***** Input records *****

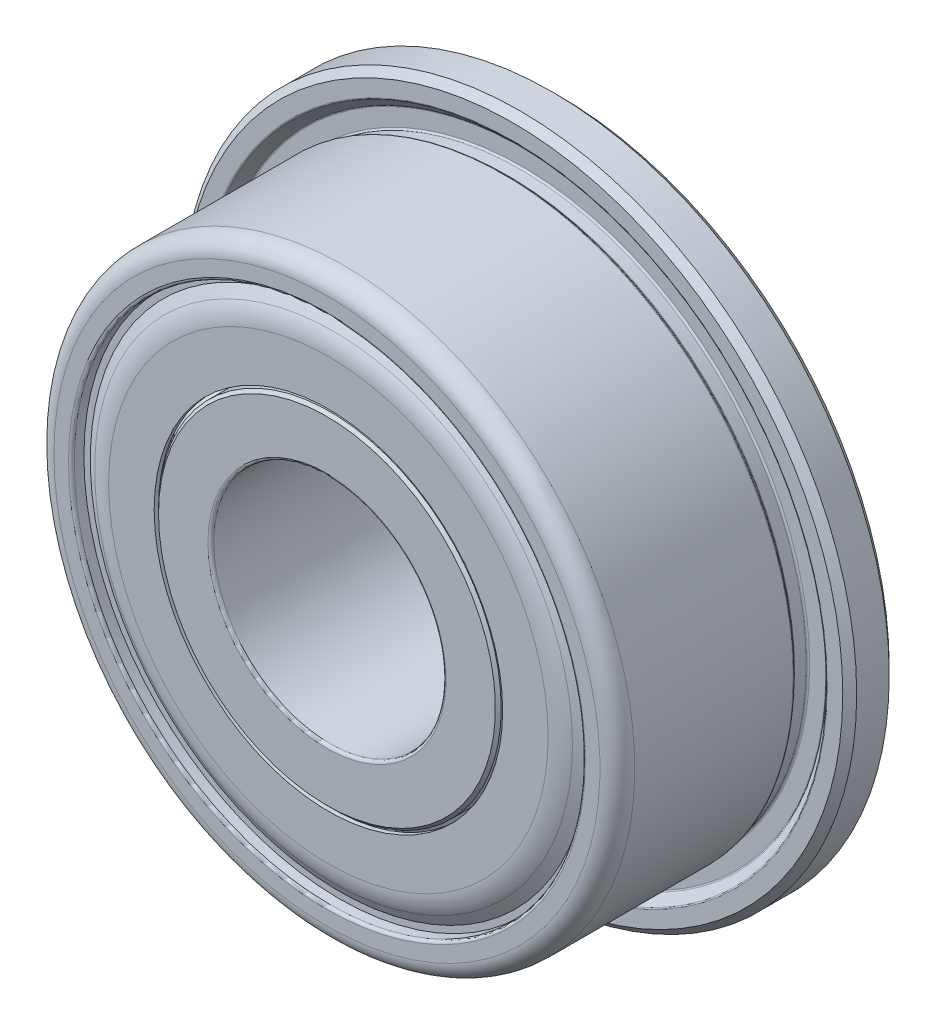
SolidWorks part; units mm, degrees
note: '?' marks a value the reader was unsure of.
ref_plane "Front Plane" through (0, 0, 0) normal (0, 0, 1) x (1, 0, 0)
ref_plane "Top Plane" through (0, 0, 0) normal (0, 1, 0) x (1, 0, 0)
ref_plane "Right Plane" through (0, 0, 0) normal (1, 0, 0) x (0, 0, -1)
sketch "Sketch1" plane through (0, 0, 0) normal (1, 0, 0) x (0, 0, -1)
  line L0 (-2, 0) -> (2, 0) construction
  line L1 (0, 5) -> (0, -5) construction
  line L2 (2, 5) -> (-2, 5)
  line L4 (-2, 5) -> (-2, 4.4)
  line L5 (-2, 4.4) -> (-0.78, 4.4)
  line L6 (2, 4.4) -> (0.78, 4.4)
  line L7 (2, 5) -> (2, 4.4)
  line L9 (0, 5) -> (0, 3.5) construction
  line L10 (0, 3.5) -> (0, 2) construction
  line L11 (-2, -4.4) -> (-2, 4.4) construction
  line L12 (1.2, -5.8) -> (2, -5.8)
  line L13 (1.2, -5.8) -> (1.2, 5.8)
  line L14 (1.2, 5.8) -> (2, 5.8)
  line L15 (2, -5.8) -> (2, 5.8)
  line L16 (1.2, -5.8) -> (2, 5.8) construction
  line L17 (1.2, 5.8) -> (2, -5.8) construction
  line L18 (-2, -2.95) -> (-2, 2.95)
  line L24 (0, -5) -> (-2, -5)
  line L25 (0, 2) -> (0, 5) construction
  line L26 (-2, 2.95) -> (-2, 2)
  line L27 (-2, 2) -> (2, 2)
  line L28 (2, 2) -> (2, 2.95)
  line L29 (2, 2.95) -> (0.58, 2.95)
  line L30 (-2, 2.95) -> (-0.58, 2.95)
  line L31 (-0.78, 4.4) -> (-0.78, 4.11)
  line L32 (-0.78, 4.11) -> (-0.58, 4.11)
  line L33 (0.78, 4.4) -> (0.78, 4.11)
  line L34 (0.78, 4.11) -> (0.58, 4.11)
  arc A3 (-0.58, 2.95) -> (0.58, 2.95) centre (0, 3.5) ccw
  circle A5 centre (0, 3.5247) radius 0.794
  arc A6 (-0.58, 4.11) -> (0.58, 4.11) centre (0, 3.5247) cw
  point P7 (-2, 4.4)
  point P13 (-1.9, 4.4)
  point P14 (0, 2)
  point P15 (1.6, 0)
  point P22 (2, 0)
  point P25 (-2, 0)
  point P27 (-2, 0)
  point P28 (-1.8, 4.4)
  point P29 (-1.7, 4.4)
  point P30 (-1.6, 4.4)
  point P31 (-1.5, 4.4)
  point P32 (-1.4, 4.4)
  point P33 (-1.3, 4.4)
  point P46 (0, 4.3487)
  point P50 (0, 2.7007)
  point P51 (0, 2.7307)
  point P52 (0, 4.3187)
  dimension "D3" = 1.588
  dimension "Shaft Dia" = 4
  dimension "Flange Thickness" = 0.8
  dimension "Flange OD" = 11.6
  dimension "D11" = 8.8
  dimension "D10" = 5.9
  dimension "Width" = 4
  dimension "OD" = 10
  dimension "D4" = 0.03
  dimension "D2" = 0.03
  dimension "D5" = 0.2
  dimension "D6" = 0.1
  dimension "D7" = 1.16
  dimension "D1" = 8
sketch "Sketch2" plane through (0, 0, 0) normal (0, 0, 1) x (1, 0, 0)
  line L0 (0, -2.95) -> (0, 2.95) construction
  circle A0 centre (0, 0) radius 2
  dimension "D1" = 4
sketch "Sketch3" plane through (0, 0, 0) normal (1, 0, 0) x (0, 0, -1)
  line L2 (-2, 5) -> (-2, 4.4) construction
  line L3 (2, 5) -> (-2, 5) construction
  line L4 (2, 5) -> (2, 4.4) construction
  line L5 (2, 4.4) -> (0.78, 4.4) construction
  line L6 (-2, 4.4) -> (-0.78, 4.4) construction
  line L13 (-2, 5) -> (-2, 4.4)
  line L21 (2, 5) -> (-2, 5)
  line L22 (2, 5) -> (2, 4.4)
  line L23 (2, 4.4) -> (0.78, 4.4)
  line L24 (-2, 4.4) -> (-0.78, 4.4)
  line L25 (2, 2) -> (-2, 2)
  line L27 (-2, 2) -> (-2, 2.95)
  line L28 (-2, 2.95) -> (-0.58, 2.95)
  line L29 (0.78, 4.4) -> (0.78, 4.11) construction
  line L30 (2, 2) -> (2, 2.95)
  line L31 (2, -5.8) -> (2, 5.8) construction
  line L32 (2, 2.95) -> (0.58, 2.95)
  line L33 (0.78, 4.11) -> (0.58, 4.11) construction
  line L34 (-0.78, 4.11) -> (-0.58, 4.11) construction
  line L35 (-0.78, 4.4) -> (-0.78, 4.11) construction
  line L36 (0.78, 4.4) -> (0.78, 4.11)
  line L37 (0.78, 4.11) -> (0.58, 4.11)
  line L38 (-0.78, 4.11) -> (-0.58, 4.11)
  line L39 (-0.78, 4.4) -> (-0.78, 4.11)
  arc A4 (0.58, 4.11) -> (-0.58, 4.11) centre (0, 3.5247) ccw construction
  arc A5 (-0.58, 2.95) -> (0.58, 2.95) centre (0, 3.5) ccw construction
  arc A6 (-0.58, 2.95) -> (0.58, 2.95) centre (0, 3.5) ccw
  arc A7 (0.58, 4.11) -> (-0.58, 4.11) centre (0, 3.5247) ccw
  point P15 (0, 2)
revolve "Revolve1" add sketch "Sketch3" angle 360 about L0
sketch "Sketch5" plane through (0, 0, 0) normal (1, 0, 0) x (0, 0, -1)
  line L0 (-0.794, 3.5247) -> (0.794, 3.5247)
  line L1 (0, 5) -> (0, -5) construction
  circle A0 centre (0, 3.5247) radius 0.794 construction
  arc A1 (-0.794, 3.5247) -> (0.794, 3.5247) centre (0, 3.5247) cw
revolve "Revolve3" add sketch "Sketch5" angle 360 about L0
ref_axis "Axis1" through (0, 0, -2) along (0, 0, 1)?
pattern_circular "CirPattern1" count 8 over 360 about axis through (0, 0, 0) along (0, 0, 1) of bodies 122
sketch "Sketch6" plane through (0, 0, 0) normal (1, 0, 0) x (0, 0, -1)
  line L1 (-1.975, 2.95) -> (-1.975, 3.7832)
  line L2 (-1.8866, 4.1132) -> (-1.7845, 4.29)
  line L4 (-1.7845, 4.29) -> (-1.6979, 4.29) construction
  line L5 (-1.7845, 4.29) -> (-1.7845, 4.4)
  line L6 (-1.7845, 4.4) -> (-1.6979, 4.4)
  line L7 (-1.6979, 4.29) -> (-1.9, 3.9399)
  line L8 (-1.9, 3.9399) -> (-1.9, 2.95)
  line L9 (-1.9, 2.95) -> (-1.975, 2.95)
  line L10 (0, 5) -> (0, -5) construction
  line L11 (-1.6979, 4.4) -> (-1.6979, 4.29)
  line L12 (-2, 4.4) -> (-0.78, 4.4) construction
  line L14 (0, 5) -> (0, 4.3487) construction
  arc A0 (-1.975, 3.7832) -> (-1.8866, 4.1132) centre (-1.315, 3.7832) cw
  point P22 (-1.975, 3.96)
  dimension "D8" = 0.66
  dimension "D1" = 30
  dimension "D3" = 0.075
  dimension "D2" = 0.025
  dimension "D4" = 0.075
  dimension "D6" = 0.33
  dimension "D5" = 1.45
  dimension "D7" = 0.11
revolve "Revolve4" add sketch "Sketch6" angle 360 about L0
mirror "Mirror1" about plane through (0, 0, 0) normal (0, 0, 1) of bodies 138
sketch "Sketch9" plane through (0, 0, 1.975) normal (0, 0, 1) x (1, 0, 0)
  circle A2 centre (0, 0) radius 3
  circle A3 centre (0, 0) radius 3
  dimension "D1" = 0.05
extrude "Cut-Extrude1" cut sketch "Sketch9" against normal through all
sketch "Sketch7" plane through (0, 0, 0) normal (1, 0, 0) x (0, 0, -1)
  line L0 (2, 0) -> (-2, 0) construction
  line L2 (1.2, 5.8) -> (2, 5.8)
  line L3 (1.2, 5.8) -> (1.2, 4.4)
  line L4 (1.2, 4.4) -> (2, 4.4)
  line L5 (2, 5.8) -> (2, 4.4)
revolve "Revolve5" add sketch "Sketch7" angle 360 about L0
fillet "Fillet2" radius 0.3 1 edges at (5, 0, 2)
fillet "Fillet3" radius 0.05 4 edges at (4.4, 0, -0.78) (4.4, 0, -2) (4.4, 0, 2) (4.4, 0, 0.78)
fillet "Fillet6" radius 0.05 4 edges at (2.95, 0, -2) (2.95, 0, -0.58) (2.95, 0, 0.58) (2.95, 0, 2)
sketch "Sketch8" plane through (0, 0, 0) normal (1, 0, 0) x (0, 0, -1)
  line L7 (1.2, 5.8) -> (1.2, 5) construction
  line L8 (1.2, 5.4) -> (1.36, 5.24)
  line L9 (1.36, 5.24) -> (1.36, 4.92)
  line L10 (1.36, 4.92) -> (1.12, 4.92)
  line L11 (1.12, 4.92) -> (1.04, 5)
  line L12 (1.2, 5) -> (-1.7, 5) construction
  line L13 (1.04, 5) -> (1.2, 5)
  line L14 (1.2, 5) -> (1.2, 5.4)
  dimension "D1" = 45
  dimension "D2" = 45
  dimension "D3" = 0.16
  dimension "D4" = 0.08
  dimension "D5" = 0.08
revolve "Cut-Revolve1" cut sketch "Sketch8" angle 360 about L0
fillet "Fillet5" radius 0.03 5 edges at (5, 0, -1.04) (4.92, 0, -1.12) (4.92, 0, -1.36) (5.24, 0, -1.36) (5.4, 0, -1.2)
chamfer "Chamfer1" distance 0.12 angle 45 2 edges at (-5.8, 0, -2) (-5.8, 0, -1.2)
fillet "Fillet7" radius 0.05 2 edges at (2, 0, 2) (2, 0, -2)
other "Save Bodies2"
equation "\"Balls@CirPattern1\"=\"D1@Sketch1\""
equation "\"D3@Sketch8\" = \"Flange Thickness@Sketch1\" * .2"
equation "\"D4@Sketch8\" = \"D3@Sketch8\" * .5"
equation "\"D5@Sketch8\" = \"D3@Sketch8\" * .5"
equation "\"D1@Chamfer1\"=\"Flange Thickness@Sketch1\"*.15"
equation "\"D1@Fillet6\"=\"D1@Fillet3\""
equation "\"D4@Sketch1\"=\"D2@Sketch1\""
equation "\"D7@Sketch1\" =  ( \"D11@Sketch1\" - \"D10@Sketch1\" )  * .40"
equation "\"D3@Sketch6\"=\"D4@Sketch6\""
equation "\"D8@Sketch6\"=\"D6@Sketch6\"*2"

*****

From the data above, work out how many lines contain the string "about" and reply with only the number.

• [Solved problem]
7